== Records provided

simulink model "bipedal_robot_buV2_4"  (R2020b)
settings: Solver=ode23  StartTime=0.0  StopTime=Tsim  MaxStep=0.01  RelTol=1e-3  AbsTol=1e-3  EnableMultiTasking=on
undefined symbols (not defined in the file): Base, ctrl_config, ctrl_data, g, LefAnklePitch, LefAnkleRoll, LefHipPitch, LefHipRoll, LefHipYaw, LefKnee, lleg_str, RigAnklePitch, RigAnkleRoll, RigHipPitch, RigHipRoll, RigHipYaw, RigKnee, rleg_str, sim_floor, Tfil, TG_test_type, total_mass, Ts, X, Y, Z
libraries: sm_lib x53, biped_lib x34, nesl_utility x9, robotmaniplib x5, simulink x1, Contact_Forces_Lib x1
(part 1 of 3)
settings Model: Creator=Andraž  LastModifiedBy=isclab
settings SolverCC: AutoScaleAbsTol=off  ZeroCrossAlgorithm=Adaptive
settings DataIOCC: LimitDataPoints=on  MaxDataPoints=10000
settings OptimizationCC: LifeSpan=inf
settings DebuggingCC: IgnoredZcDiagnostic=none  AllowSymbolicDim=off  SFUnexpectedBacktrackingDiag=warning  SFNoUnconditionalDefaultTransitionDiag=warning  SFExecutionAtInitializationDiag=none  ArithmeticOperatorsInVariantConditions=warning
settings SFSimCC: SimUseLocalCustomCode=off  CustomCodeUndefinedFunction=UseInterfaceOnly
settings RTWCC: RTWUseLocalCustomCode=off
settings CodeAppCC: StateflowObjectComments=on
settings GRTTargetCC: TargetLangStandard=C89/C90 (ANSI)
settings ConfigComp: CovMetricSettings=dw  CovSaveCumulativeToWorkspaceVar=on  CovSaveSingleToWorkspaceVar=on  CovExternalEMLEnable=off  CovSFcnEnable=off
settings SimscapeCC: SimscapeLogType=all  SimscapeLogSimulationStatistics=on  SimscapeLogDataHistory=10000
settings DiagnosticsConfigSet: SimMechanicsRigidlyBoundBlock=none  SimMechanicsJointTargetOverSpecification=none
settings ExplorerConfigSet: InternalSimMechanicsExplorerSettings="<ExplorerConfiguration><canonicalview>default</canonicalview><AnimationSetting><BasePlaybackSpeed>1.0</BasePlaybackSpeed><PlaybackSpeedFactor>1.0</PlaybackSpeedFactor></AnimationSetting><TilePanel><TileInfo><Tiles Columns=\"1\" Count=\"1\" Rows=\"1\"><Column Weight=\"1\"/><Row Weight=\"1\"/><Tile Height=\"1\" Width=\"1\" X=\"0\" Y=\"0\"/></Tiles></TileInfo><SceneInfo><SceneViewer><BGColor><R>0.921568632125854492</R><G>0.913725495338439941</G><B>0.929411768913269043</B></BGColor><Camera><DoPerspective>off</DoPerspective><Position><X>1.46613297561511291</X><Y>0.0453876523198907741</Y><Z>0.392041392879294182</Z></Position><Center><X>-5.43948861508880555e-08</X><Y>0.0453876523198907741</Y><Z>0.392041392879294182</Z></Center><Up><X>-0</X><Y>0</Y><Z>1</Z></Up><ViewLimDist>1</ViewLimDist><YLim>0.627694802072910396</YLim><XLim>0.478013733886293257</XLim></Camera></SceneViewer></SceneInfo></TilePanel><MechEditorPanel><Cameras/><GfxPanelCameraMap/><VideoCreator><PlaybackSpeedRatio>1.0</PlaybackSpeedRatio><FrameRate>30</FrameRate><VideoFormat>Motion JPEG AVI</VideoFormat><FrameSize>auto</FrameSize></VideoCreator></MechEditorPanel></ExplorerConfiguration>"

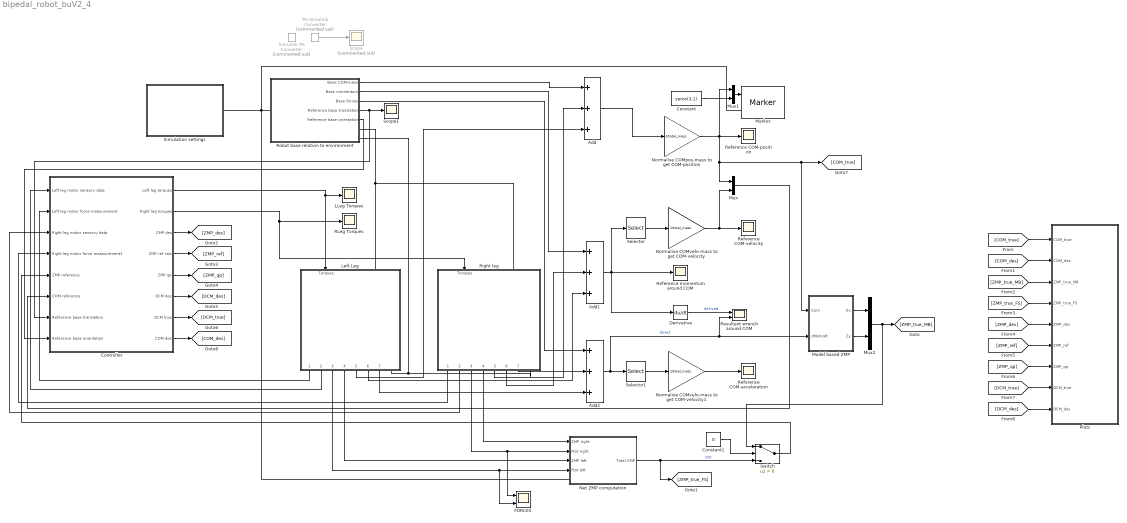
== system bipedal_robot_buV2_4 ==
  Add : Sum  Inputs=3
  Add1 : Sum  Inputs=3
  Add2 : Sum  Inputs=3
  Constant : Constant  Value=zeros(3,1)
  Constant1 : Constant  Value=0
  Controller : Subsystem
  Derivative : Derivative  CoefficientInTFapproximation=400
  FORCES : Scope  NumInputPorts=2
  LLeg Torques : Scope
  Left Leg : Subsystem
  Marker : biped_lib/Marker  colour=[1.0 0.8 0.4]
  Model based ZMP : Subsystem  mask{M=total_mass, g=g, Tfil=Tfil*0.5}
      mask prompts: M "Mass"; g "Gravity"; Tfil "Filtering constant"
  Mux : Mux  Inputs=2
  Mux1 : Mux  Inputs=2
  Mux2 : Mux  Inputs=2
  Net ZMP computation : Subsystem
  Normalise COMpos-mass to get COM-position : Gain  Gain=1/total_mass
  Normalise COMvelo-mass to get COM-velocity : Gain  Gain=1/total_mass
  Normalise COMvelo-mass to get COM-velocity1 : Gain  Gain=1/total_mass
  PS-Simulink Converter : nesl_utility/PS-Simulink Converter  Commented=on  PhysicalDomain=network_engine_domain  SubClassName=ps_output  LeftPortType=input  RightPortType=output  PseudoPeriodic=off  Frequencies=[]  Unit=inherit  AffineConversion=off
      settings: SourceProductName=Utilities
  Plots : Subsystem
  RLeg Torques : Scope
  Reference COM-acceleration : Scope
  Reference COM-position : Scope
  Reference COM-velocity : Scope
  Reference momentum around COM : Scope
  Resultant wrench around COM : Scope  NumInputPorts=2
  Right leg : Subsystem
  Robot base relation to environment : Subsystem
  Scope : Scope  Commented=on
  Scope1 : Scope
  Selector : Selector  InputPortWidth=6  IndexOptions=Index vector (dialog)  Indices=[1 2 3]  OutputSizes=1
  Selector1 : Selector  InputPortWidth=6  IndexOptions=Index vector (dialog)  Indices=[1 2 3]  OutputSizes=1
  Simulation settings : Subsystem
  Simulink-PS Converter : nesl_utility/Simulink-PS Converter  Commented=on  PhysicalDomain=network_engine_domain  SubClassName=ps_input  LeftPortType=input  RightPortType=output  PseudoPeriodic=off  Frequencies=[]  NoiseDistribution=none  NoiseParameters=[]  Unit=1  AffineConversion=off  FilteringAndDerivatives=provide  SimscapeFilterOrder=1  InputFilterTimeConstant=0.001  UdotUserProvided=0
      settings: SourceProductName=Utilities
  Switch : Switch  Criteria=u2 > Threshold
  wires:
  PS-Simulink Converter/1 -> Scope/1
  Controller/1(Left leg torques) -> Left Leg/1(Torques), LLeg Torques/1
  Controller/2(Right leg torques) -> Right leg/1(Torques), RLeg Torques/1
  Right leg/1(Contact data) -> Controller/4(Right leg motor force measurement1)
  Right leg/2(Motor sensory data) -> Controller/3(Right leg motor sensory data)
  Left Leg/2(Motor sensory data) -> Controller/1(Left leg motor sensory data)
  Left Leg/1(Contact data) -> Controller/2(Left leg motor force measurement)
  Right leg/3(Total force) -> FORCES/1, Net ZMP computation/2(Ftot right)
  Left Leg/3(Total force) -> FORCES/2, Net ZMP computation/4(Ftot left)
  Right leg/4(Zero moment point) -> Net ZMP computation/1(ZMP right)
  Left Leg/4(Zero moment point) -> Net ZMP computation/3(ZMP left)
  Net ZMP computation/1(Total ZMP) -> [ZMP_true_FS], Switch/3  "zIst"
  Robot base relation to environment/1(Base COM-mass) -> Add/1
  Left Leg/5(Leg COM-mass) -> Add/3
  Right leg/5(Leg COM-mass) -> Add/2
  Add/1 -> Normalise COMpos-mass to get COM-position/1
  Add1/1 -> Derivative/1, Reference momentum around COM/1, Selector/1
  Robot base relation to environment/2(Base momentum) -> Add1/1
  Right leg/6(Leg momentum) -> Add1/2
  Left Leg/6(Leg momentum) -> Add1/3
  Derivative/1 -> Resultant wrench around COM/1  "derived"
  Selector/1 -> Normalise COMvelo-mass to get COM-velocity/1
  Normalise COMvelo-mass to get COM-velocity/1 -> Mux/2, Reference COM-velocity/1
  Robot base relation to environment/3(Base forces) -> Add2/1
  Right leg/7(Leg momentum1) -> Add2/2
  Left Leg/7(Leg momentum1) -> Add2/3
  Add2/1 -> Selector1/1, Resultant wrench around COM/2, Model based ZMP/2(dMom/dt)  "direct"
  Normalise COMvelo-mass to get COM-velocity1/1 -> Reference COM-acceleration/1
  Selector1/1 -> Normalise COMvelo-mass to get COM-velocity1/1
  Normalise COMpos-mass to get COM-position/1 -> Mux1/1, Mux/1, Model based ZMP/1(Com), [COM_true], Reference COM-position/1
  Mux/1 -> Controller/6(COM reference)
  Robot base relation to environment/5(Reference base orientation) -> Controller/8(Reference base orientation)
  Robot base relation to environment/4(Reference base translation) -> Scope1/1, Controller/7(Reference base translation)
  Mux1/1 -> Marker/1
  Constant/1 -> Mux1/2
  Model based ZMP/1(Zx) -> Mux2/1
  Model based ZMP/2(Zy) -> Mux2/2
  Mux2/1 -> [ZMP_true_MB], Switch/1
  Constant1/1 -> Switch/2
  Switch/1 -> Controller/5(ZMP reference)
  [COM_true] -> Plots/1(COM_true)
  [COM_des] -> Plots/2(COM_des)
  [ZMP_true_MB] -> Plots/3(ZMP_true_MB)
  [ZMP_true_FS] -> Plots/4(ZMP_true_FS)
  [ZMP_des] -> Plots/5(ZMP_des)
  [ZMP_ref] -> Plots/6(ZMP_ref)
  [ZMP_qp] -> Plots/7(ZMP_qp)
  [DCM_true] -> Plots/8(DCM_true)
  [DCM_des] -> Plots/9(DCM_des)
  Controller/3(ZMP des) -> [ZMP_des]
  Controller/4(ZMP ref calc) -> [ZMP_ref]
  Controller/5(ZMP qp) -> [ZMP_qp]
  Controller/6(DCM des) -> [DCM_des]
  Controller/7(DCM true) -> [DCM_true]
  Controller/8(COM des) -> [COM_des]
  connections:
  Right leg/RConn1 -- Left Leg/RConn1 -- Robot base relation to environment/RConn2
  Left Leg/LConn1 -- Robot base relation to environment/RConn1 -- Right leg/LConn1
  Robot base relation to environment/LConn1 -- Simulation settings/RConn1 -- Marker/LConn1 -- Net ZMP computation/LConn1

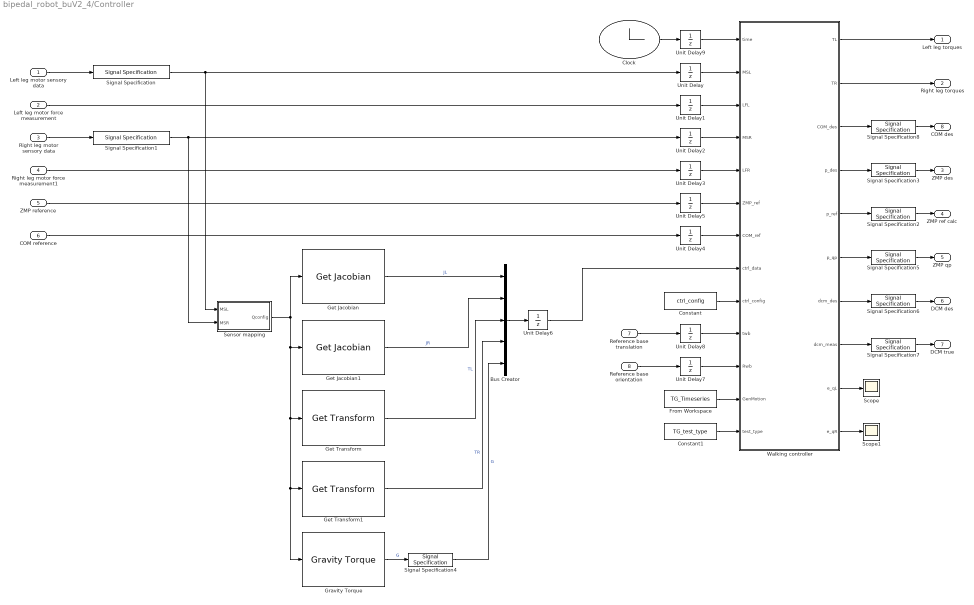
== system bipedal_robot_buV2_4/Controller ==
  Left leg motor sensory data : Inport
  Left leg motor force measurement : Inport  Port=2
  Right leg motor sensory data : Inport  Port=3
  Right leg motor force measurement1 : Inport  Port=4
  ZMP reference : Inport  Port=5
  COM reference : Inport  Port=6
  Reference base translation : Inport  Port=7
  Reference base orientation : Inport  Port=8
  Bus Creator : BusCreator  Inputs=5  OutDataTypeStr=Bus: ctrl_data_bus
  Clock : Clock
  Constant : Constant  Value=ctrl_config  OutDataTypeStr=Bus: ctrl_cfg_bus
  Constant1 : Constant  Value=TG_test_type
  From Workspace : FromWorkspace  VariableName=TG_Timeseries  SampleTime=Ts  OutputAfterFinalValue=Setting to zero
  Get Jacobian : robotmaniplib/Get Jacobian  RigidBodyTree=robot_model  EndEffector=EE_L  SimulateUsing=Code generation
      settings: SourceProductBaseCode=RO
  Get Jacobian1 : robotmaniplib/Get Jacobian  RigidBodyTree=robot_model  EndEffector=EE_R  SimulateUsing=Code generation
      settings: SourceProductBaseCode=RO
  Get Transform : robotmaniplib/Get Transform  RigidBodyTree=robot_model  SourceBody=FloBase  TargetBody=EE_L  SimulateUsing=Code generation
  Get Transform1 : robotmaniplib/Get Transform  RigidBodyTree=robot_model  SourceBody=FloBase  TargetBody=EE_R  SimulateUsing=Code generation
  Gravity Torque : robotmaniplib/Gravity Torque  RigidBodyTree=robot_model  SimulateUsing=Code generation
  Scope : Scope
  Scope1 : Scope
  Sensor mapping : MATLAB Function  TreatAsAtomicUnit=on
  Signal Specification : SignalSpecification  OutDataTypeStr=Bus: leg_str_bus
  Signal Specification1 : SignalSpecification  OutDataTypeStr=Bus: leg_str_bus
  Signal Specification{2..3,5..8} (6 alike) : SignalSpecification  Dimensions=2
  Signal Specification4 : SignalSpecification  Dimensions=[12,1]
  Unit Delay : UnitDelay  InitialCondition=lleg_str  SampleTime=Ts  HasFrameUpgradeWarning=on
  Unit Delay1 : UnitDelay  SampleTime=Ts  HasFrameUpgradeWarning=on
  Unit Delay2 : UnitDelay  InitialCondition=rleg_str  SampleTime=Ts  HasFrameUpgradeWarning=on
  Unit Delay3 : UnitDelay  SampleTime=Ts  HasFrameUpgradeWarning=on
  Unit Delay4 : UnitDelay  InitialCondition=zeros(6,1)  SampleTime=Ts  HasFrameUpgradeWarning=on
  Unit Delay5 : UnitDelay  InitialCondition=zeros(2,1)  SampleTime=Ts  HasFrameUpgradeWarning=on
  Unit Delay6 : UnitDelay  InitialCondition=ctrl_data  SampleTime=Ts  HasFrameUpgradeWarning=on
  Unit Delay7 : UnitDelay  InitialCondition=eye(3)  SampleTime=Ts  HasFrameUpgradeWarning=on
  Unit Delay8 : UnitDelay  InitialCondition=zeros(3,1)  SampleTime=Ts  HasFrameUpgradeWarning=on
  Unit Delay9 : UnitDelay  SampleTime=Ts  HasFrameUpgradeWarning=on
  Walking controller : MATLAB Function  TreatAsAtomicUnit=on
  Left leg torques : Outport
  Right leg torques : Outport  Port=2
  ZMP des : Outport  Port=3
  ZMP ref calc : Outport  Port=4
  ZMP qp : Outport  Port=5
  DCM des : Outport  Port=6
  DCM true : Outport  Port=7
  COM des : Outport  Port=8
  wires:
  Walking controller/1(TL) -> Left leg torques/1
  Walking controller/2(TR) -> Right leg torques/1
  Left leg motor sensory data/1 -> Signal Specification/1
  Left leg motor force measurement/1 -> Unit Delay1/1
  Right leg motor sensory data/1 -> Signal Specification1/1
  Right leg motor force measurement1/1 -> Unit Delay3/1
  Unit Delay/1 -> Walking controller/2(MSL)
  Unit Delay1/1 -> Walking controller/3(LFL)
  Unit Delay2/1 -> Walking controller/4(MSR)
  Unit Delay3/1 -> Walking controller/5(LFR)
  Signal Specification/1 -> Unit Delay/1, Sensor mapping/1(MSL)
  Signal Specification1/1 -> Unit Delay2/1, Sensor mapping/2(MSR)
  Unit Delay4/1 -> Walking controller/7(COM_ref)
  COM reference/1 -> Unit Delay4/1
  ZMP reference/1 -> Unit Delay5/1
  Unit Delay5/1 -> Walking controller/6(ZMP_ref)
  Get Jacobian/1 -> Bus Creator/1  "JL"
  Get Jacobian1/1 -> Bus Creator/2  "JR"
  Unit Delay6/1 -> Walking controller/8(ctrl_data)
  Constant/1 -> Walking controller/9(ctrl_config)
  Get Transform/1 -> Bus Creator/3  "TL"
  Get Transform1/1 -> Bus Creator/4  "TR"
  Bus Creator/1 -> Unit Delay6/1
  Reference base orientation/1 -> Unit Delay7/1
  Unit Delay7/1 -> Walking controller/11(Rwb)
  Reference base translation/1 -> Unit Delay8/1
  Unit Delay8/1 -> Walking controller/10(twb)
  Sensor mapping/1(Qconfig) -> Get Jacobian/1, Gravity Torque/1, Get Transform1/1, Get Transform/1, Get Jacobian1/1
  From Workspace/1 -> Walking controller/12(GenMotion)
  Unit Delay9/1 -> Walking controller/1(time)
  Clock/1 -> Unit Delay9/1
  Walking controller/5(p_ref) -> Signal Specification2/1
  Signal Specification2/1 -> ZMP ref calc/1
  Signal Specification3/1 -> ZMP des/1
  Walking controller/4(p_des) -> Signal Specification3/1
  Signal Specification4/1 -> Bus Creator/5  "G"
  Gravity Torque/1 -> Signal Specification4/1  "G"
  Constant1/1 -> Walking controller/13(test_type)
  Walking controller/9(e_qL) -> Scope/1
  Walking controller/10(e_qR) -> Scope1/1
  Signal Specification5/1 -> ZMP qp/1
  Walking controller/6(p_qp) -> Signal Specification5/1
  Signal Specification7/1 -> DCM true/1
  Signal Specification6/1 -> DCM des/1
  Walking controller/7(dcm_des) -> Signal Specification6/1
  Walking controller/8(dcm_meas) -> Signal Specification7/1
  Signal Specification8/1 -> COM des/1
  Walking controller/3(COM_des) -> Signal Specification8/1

====

> _Work task_
Report all lines of the data above that include the string "vector".

> _Result of this exercise_
  Selector : Selector  InputPortWidth=6  IndexOptions=Index vector (dialog)  Indices=[1 2 3]  OutputSizes=1
  Selector1 : Selector  InputPortWidth=6  IndexOptions=Index vector (dialog)  Indices=[1 2 3]  OutputSizes=1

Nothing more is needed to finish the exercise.